Department of Molecular and Systems Biology, Dartmouth College, Hanover, New Hampshire.
Department of Medicine, Baylor College of Medicine, Houston, Texas.
Mol Cancer Res. 2021 Mar;19(3):414-428. doi: 10.1158/1541-7786.MCR-20-0526. Epub 2020 Nov 24.
c-MYC (MYC) is deregulated in more than 50% of all cancers. While MYC amplification is the most common MYC-deregulating event, many other alterations can increase MYC activity. We thus systematically investigated MYC pathway activity across different tumor types. Using a logistic regression framework, we established tumor type-specific, transcriptomic-based MYC activity scores that can accurately capture MYC activity. We show that MYC activity scores reflect a variety of MYC-regulating mechanisms, including MYCL and/or MYCN amplification, MYC promoter methylation, MYC mRNA expression, lncRNA PVT1 expression, MYC mutations, and viral integrations near the MYC locus. Our MYC activity score incorporates all of these mechanisms, resulting in better prognostic predictions compared with MYC amplification status, MYC promoter methylation, and MYC mRNA expression in several cancer types. In addition, we show that tumor proliferation and immune evasion are likely contributors to this reduction in survival. Finally, we developed a MYC activity signature for liquid tumors in which MYC translocation is commonly observed, suggesting that our approach can be applied to different types of genomic alterations. In conclusion, we developed a MYC activity score that captures MYC pathway activity and is clinically relevant. IMPLICATIONS: By using cancer type-specific MYC activity profiles, we were able to assess MYC activity across many more tumor types than previously investigated. The range of different MYC-related alterations captured by our MYC activity score can be used to facilitate the application of future MYC inhibitors and aid physicians to preselect patients for targeted therapy.

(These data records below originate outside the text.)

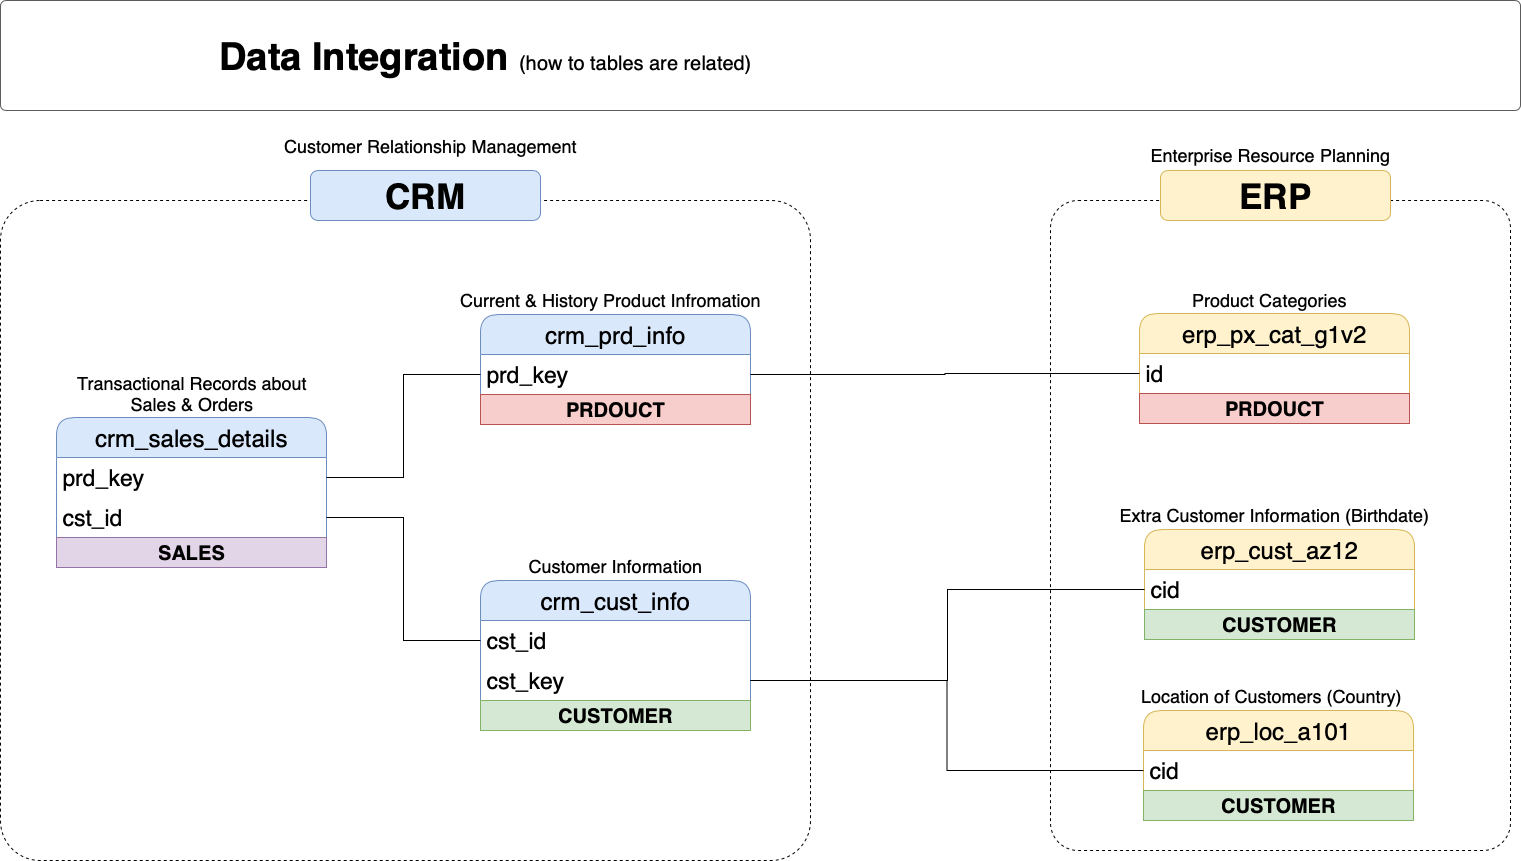

The diagram above was exported from draw.io. Its source (the exported page's mxGraphModel, read from the mxfile embedded in the PNG):
<mxGraphModel dx="1298" dy="2072" grid="1" gridSize="10" guides="1" tooltips="1" connect="1" arrows="1" fold="1" page="1" pageScale="1" pageWidth="1920" pageHeight="1200" math="0" shadow="0">
  <root>
    <mxCell id="3UP7FawPSVQ9M-GqKKiO-0" />
    <mxCell id="3UP7FawPSVQ9M-GqKKiO-1" parent="3UP7FawPSVQ9M-GqKKiO-0" />
    <mxCell id="gd-LYYQTuDr1hK2L6fpe-44" value="" style="rounded=1;whiteSpace=wrap;html=1;arcSize=6;fillColor=none;dashed=1;" parent="3UP7FawPSVQ9M-GqKKiO-1" vertex="1">
      <mxGeometry x="160" y="-910" width="810" height="660" as="geometry" />
    </mxCell>
    <mxCell id="gd-LYYQTuDr1hK2L6fpe-46" value="" style="rounded=1;whiteSpace=wrap;html=1;arcSize=6;fillColor=none;dashed=1;" parent="3UP7FawPSVQ9M-GqKKiO-1" vertex="1">
      <mxGeometry x="1210" y="-910" width="460" height="650" as="geometry" />
    </mxCell>
    <mxCell id="gd-LYYQTuDr1hK2L6fpe-4" value="crm_cust_info" style="swimlane;fontStyle=0;childLayout=stackLayout;horizontal=1;startSize=40;horizontalStack=0;resizeParent=1;resizeParentMax=0;resizeLast=0;collapsible=1;marginBottom=0;whiteSpace=wrap;html=1;rounded=1;fillColor=#dae8fc;strokeColor=#6c8ebf;fontSize=24;" parent="3UP7FawPSVQ9M-GqKKiO-1" vertex="1">
      <mxGeometry x="640" y="-530" width="270" height="150" as="geometry" />
    </mxCell>
    <mxCell id="gd-LYYQTuDr1hK2L6fpe-5" value="cst_id" style="text;strokeColor=none;fillColor=none;align=left;verticalAlign=middle;spacingLeft=4;spacingRight=4;overflow=hidden;points=[[0,0.5],[1,0.5]];portConstraint=eastwest;rotatable=0;whiteSpace=wrap;html=1;fontSize=23;" parent="gd-LYYQTuDr1hK2L6fpe-4" vertex="1">
      <mxGeometry y="40" width="270" height="40" as="geometry" />
    </mxCell>
    <mxCell id="gd-LYYQTuDr1hK2L6fpe-27" value="cst_key" style="text;strokeColor=none;fillColor=none;align=left;verticalAlign=middle;spacingLeft=4;spacingRight=4;overflow=hidden;points=[[0,0.5],[1,0.5]];portConstraint=eastwest;rotatable=0;whiteSpace=wrap;html=1;fontSize=23;" parent="gd-LYYQTuDr1hK2L6fpe-4" vertex="1">
      <mxGeometry y="80" width="270" height="40" as="geometry" />
    </mxCell>
    <mxCell id="bEobllu9cBh29OJUA82D-7" value="CUSTOMER" style="text;html=1;strokeColor=#82b366;fillColor=#d5e8d4;align=center;verticalAlign=middle;whiteSpace=wrap;overflow=hidden;fontSize=20;fontStyle=1" parent="gd-LYYQTuDr1hK2L6fpe-4" vertex="1">
      <mxGeometry y="120" width="270" height="30" as="geometry" />
    </mxCell>
    <mxCell id="gd-LYYQTuDr1hK2L6fpe-8" value="&lt;font style=&quot;font-size: 18px;&quot;&gt;Customer Information&lt;/font&gt;" style="text;html=1;strokeColor=none;fillColor=none;align=center;verticalAlign=middle;whiteSpace=wrap;rounded=0;fontSize=18;" parent="3UP7FawPSVQ9M-GqKKiO-1" vertex="1">
      <mxGeometry x="645" y="-560" width="260" height="30" as="geometry" />
    </mxCell>
    <mxCell id="gd-LYYQTuDr1hK2L6fpe-9" value="crm_prd_info" style="swimlane;fontStyle=0;childLayout=stackLayout;horizontal=1;startSize=40;horizontalStack=0;resizeParent=1;resizeParentMax=0;resizeLast=0;collapsible=1;marginBottom=0;whiteSpace=wrap;html=1;rounded=1;fillColor=#dae8fc;strokeColor=#6c8ebf;fontSize=24;" parent="3UP7FawPSVQ9M-GqKKiO-1" vertex="1">
      <mxGeometry x="640" y="-796" width="270" height="110" as="geometry" />
    </mxCell>
    <mxCell id="gd-LYYQTuDr1hK2L6fpe-10" value="prd_key" style="text;strokeColor=none;fillColor=none;align=left;verticalAlign=middle;spacingLeft=4;spacingRight=4;overflow=hidden;points=[[0,0.5],[1,0.5]];portConstraint=eastwest;rotatable=0;whiteSpace=wrap;html=1;fontSize=23;" parent="gd-LYYQTuDr1hK2L6fpe-9" vertex="1">
      <mxGeometry y="40" width="270" height="40" as="geometry" />
    </mxCell>
    <mxCell id="bEobllu9cBh29OJUA82D-4" value="PRDOUCT" style="text;html=1;strokeColor=#b85450;fillColor=#f8cecc;align=center;verticalAlign=middle;whiteSpace=wrap;overflow=hidden;fontSize=20;fontStyle=1" parent="gd-LYYQTuDr1hK2L6fpe-9" vertex="1">
      <mxGeometry y="80" width="270" height="30" as="geometry" />
    </mxCell>
    <mxCell id="gd-LYYQTuDr1hK2L6fpe-11" value="&lt;font style=&quot;font-size: 18px;&quot;&gt;Current &amp;amp; History Product Infromation&lt;/font&gt;" style="text;html=1;strokeColor=none;fillColor=none;align=center;verticalAlign=middle;whiteSpace=wrap;rounded=0;fontSize=18;" parent="3UP7FawPSVQ9M-GqKKiO-1" vertex="1">
      <mxGeometry x="590" y="-826" width="360" height="30" as="geometry" />
    </mxCell>
    <mxCell id="gd-LYYQTuDr1hK2L6fpe-15" value="crm_sales_details" style="swimlane;fontStyle=0;childLayout=stackLayout;horizontal=1;startSize=40;horizontalStack=0;resizeParent=1;resizeParentMax=0;resizeLast=0;collapsible=1;marginBottom=0;whiteSpace=wrap;html=1;rounded=1;fillColor=#dae8fc;strokeColor=#6c8ebf;fontSize=24;" parent="3UP7FawPSVQ9M-GqKKiO-1" vertex="1">
      <mxGeometry x="216" y="-693" width="270" height="150" as="geometry" />
    </mxCell>
    <mxCell id="gd-LYYQTuDr1hK2L6fpe-16" value="prd_key" style="text;strokeColor=none;fillColor=none;align=left;verticalAlign=middle;spacingLeft=4;spacingRight=4;overflow=hidden;points=[[0,0.5],[1,0.5]];portConstraint=eastwest;rotatable=0;whiteSpace=wrap;html=1;fontSize=23;" parent="gd-LYYQTuDr1hK2L6fpe-15" vertex="1">
      <mxGeometry y="40" width="270" height="40" as="geometry" />
    </mxCell>
    <mxCell id="gd-LYYQTuDr1hK2L6fpe-20" value="cst_id" style="text;strokeColor=none;fillColor=none;align=left;verticalAlign=middle;spacingLeft=4;spacingRight=4;overflow=hidden;points=[[0,0.5],[1,0.5]];portConstraint=eastwest;rotatable=0;whiteSpace=wrap;html=1;fontSize=23;" parent="gd-LYYQTuDr1hK2L6fpe-15" vertex="1">
      <mxGeometry y="80" width="270" height="40" as="geometry" />
    </mxCell>
    <mxCell id="bEobllu9cBh29OJUA82D-11" value="SALES" style="text;html=1;strokeColor=#9673a6;fillColor=#e1d5e7;align=center;verticalAlign=middle;whiteSpace=wrap;overflow=hidden;fontSize=20;fontStyle=1" parent="gd-LYYQTuDr1hK2L6fpe-15" vertex="1">
      <mxGeometry y="120" width="270" height="30" as="geometry" />
    </mxCell>
    <mxCell id="gd-LYYQTuDr1hK2L6fpe-17" value="&lt;font style=&quot;font-size: 18px;&quot;&gt;Transactional Records about Sales &amp;amp; Orders&lt;/font&gt;" style="text;html=1;strokeColor=none;fillColor=none;align=center;verticalAlign=middle;whiteSpace=wrap;rounded=0;fontSize=18;" parent="3UP7FawPSVQ9M-GqKKiO-1" vertex="1">
      <mxGeometry x="218.5" y="-733" width="265" height="30" as="geometry" />
    </mxCell>
    <mxCell id="gd-LYYQTuDr1hK2L6fpe-22" style="edgeStyle=orthogonalEdgeStyle;rounded=0;orthogonalLoop=1;jettySize=auto;html=1;entryX=0;entryY=0.5;entryDx=0;entryDy=0;endArrow=none;endFill=0;" parent="3UP7FawPSVQ9M-GqKKiO-1" source="gd-LYYQTuDr1hK2L6fpe-20" target="gd-LYYQTuDr1hK2L6fpe-5" edge="1">
      <mxGeometry relative="1" as="geometry" />
    </mxCell>
    <mxCell id="gd-LYYQTuDr1hK2L6fpe-23" style="edgeStyle=orthogonalEdgeStyle;rounded=0;orthogonalLoop=1;jettySize=auto;html=1;entryX=0;entryY=0.5;entryDx=0;entryDy=0;endArrow=none;endFill=0;" parent="3UP7FawPSVQ9M-GqKKiO-1" source="gd-LYYQTuDr1hK2L6fpe-16" target="gd-LYYQTuDr1hK2L6fpe-10" edge="1">
      <mxGeometry relative="1" as="geometry">
        <mxPoint x="530" y="-660" as="sourcePoint" />
      </mxGeometry>
    </mxCell>
    <mxCell id="gd-LYYQTuDr1hK2L6fpe-24" value="erp_cust_az12" style="swimlane;fontStyle=0;childLayout=stackLayout;horizontal=1;startSize=40;horizontalStack=0;resizeParent=1;resizeParentMax=0;resizeLast=0;collapsible=1;marginBottom=0;whiteSpace=wrap;html=1;rounded=1;fillColor=#fff2cc;strokeColor=#d6b656;fontSize=24;" parent="3UP7FawPSVQ9M-GqKKiO-1" vertex="1">
      <mxGeometry x="1304" y="-581" width="270" height="110" as="geometry" />
    </mxCell>
    <mxCell id="gd-LYYQTuDr1hK2L6fpe-25" value="cid" style="text;strokeColor=none;fillColor=none;align=left;verticalAlign=middle;spacingLeft=4;spacingRight=4;overflow=hidden;points=[[0,0.5],[1,0.5]];portConstraint=eastwest;rotatable=0;whiteSpace=wrap;html=1;fontSize=23;" parent="gd-LYYQTuDr1hK2L6fpe-24" vertex="1">
      <mxGeometry y="40" width="270" height="40" as="geometry" />
    </mxCell>
    <mxCell id="bEobllu9cBh29OJUA82D-9" value="CUSTOMER" style="text;html=1;strokeColor=#82b366;fillColor=#d5e8d4;align=center;verticalAlign=middle;whiteSpace=wrap;overflow=hidden;fontSize=20;fontStyle=1" parent="gd-LYYQTuDr1hK2L6fpe-24" vertex="1">
      <mxGeometry y="80" width="270" height="30" as="geometry" />
    </mxCell>
    <mxCell id="gd-LYYQTuDr1hK2L6fpe-26" value="&lt;font style=&quot;font-size: 18px;&quot;&gt;Extra Customer Information (Birthdate)&lt;/font&gt;" style="text;html=1;strokeColor=none;fillColor=none;align=center;verticalAlign=middle;whiteSpace=wrap;rounded=0;fontSize=18;" parent="3UP7FawPSVQ9M-GqKKiO-1" vertex="1">
      <mxGeometry x="1254" y="-611" width="360" height="30" as="geometry" />
    </mxCell>
    <mxCell id="gd-LYYQTuDr1hK2L6fpe-35" value="erp_loc_a101" style="swimlane;fontStyle=0;childLayout=stackLayout;horizontal=1;startSize=40;horizontalStack=0;resizeParent=1;resizeParentMax=0;resizeLast=0;collapsible=1;marginBottom=0;whiteSpace=wrap;html=1;rounded=1;fillColor=#fff2cc;strokeColor=#d6b656;fontSize=24;" parent="3UP7FawPSVQ9M-GqKKiO-1" vertex="1">
      <mxGeometry x="1303" y="-400" width="270" height="110" as="geometry" />
    </mxCell>
    <mxCell id="gd-LYYQTuDr1hK2L6fpe-36" value="cid" style="text;strokeColor=none;fillColor=none;align=left;verticalAlign=middle;spacingLeft=4;spacingRight=4;overflow=hidden;points=[[0,0.5],[1,0.5]];portConstraint=eastwest;rotatable=0;whiteSpace=wrap;html=1;fontSize=23;" parent="gd-LYYQTuDr1hK2L6fpe-35" vertex="1">
      <mxGeometry y="40" width="270" height="40" as="geometry" />
    </mxCell>
    <mxCell id="bEobllu9cBh29OJUA82D-10" value="CUSTOMER" style="text;html=1;strokeColor=#82b366;fillColor=#d5e8d4;align=center;verticalAlign=middle;whiteSpace=wrap;overflow=hidden;fontSize=20;fontStyle=1" parent="gd-LYYQTuDr1hK2L6fpe-35" vertex="1">
      <mxGeometry y="80" width="270" height="30" as="geometry" />
    </mxCell>
    <mxCell id="gd-LYYQTuDr1hK2L6fpe-37" value="&lt;font style=&quot;font-size: 18px;&quot;&gt;Location of Customers (Country)&lt;/font&gt;" style="text;html=1;strokeColor=none;fillColor=none;align=center;verticalAlign=middle;whiteSpace=wrap;rounded=0;fontSize=18;" parent="3UP7FawPSVQ9M-GqKKiO-1" vertex="1">
      <mxGeometry x="1251" y="-430" width="360" height="30" as="geometry" />
    </mxCell>
    <mxCell id="gd-LYYQTuDr1hK2L6fpe-40" value="erp_px_cat_g1v2" style="swimlane;fontStyle=0;childLayout=stackLayout;horizontal=1;startSize=40;horizontalStack=0;resizeParent=1;resizeParentMax=0;resizeLast=0;collapsible=1;marginBottom=0;whiteSpace=wrap;html=1;rounded=1;fillColor=#fff2cc;strokeColor=#d6b656;fontSize=24;" parent="3UP7FawPSVQ9M-GqKKiO-1" vertex="1">
      <mxGeometry x="1299" y="-797" width="270" height="110" as="geometry" />
    </mxCell>
    <mxCell id="gd-LYYQTuDr1hK2L6fpe-41" value="id" style="text;strokeColor=none;fillColor=none;align=left;verticalAlign=middle;spacingLeft=4;spacingRight=4;overflow=hidden;points=[[0,0.5],[1,0.5]];portConstraint=eastwest;rotatable=0;whiteSpace=wrap;html=1;fontSize=23;" parent="gd-LYYQTuDr1hK2L6fpe-40" vertex="1">
      <mxGeometry y="40" width="270" height="40" as="geometry" />
    </mxCell>
    <mxCell id="bEobllu9cBh29OJUA82D-6" value="PRDOUCT" style="text;html=1;strokeColor=#b85450;fillColor=#f8cecc;align=center;verticalAlign=middle;whiteSpace=wrap;overflow=hidden;fontSize=20;fontStyle=1" parent="gd-LYYQTuDr1hK2L6fpe-40" vertex="1">
      <mxGeometry y="80" width="270" height="30" as="geometry" />
    </mxCell>
    <mxCell id="gd-LYYQTuDr1hK2L6fpe-42" value="&lt;font style=&quot;font-size: 18px;&quot;&gt;Product Categories&lt;/font&gt;" style="text;html=1;strokeColor=none;fillColor=none;align=center;verticalAlign=middle;whiteSpace=wrap;rounded=0;fontSize=18;" parent="3UP7FawPSVQ9M-GqKKiO-1" vertex="1">
      <mxGeometry x="1249" y="-826" width="360" height="30" as="geometry" />
    </mxCell>
    <mxCell id="gd-LYYQTuDr1hK2L6fpe-43" style="edgeStyle=orthogonalEdgeStyle;rounded=0;orthogonalLoop=1;jettySize=auto;html=1;entryX=1;entryY=0.5;entryDx=0;entryDy=0;endArrow=none;endFill=0;" parent="3UP7FawPSVQ9M-GqKKiO-1" source="gd-LYYQTuDr1hK2L6fpe-41" target="gd-LYYQTuDr1hK2L6fpe-10" edge="1">
      <mxGeometry relative="1" as="geometry" />
    </mxCell>
    <mxCell id="gd-LYYQTuDr1hK2L6fpe-45" value="&lt;font style=&quot;font-size: 35px;&quot;&gt;&lt;b&gt;CRM&lt;/b&gt;&lt;/font&gt;" style="rounded=1;whiteSpace=wrap;html=1;fillColor=#dae8fc;strokeColor=#6c8ebf;" parent="3UP7FawPSVQ9M-GqKKiO-1" vertex="1">
      <mxGeometry x="470" y="-940" width="230" height="50" as="geometry" />
    </mxCell>
    <mxCell id="gd-LYYQTuDr1hK2L6fpe-47" value="&lt;font style=&quot;font-size: 35px;&quot;&gt;&lt;b&gt;ERP&lt;/b&gt;&lt;/font&gt;" style="rounded=1;whiteSpace=wrap;html=1;fillColor=#fff2cc;strokeColor=#d6b656;" parent="3UP7FawPSVQ9M-GqKKiO-1" vertex="1">
      <mxGeometry x="1320" y="-940" width="230" height="50" as="geometry" />
    </mxCell>
    <mxCell id="gd-LYYQTuDr1hK2L6fpe-48" style="edgeStyle=orthogonalEdgeStyle;rounded=0;orthogonalLoop=1;jettySize=auto;html=1;entryX=1;entryY=0.5;entryDx=0;entryDy=0;endArrow=none;endFill=0;" parent="3UP7FawPSVQ9M-GqKKiO-1" source="gd-LYYQTuDr1hK2L6fpe-36" target="gd-LYYQTuDr1hK2L6fpe-27" edge="1">
      <mxGeometry relative="1" as="geometry" />
    </mxCell>
    <mxCell id="gd-LYYQTuDr1hK2L6fpe-49" style="edgeStyle=orthogonalEdgeStyle;rounded=0;orthogonalLoop=1;jettySize=auto;html=1;entryX=1;entryY=0.5;entryDx=0;entryDy=0;endArrow=none;endFill=0;" parent="3UP7FawPSVQ9M-GqKKiO-1" source="gd-LYYQTuDr1hK2L6fpe-25" target="gd-LYYQTuDr1hK2L6fpe-27" edge="1">
      <mxGeometry relative="1" as="geometry" />
    </mxCell>
    <mxCell id="ewpIsNDN0GunfStNLF3E-1" value="&lt;font style=&quot;font-size: 18px;&quot;&gt;Customer Relationship Management&lt;/font&gt;" style="text;html=1;strokeColor=none;fillColor=none;align=center;verticalAlign=middle;whiteSpace=wrap;rounded=0;fontSize=18;" parent="3UP7FawPSVQ9M-GqKKiO-1" vertex="1">
      <mxGeometry x="410" y="-980" width="360" height="30" as="geometry" />
    </mxCell>
    <mxCell id="ewpIsNDN0GunfStNLF3E-2" value="&lt;font style=&quot;font-size: 18px;&quot;&gt;Enterprise Resource Planning&lt;/font&gt;" style="text;html=1;strokeColor=none;fillColor=none;align=center;verticalAlign=middle;whiteSpace=wrap;rounded=0;fontSize=18;" parent="3UP7FawPSVQ9M-GqKKiO-1" vertex="1">
      <mxGeometry x="1250" y="-971" width="360" height="30" as="geometry" />
    </mxCell>
    <mxCell id="VUG575EoNLNt5YL1yd3R-0" value="" style="rounded=1;whiteSpace=wrap;html=1;fillColor=#FFFFFF;strokeColor=#5C5C5C;strokeWidth=1;arcSize=5;" parent="3UP7FawPSVQ9M-GqKKiO-1" vertex="1">
      <mxGeometry x="160" y="-1110" width="1520" height="110" as="geometry" />
    </mxCell>
    <mxCell id="VUG575EoNLNt5YL1yd3R-1" value="&lt;b style=&quot;border-color: var(--border-color); font-size: 38px; text-align: left;&quot;&gt;Data Integration&amp;nbsp;&lt;/b&gt;&lt;font style=&quot;border-color: var(--border-color); text-align: left; font-size: 20px;&quot;&gt;(how to tables are related)&lt;/font&gt;" style="text;html=1;strokeColor=none;fillColor=none;align=center;verticalAlign=middle;whiteSpace=wrap;rounded=0;" parent="3UP7FawPSVQ9M-GqKKiO-1" vertex="1">
      <mxGeometry x="360.00000000000006" y="-1079.03" width="570" height="50" as="geometry" />
    </mxCell>
  </root>
</mxGraphModel>

c-MYC(MYC)在超过 50%的所有癌症中失调。虽然 MYC 扩增是最常见的 MYC 失调事件,但许多其他改变也可以增加 MYC 的活性。因此,我们系统地研究了不同肿瘤类型中的 MYC 途径活性。我们使用逻辑回归框架,建立了基于转录组的肿瘤类型特异性 MYC 活性评分,可以准确捕捉 MYC 活性。我们表明,MYC 活性评分反映了多种调节 MYC 的机制,包括 MYCL 和/或 MYCN 扩增、MYC 启动子甲基化、MYC mRNA 表达、lncRNA PVT1 表达、MYC 突变和 MYC 基因座附近的病毒整合。我们的 MYC 活性评分整合了所有这些机制,与几种癌症类型中的 MYC 扩增状态、MYC 启动子甲基化和 MYC mRNA 表达相比,能更好地进行预后预测。此外,我们表明肿瘤增殖和免疫逃避可能是导致这种生存降低的原因。最后,我们开发了一种用于液体肿瘤的 MYC 活性特征,其中经常观察到 MYC 易位,这表明我们的方法可应用于不同类型的基因组改变。总之,我们开发了一种捕捉 MYC 途径活性且具有临床相关性的 MYC 活性评分。意义:通过使用肿瘤类型特异性的 MYC 活性谱,我们能够评估比以前研究更多的肿瘤类型中的 MYC 活性。我们的 MYC 活性评分所捕获的不同 MYC 相关改变的范围可用于促进未来 MYC 抑制剂的应用,并帮助医生为靶向治疗选择合适的患者。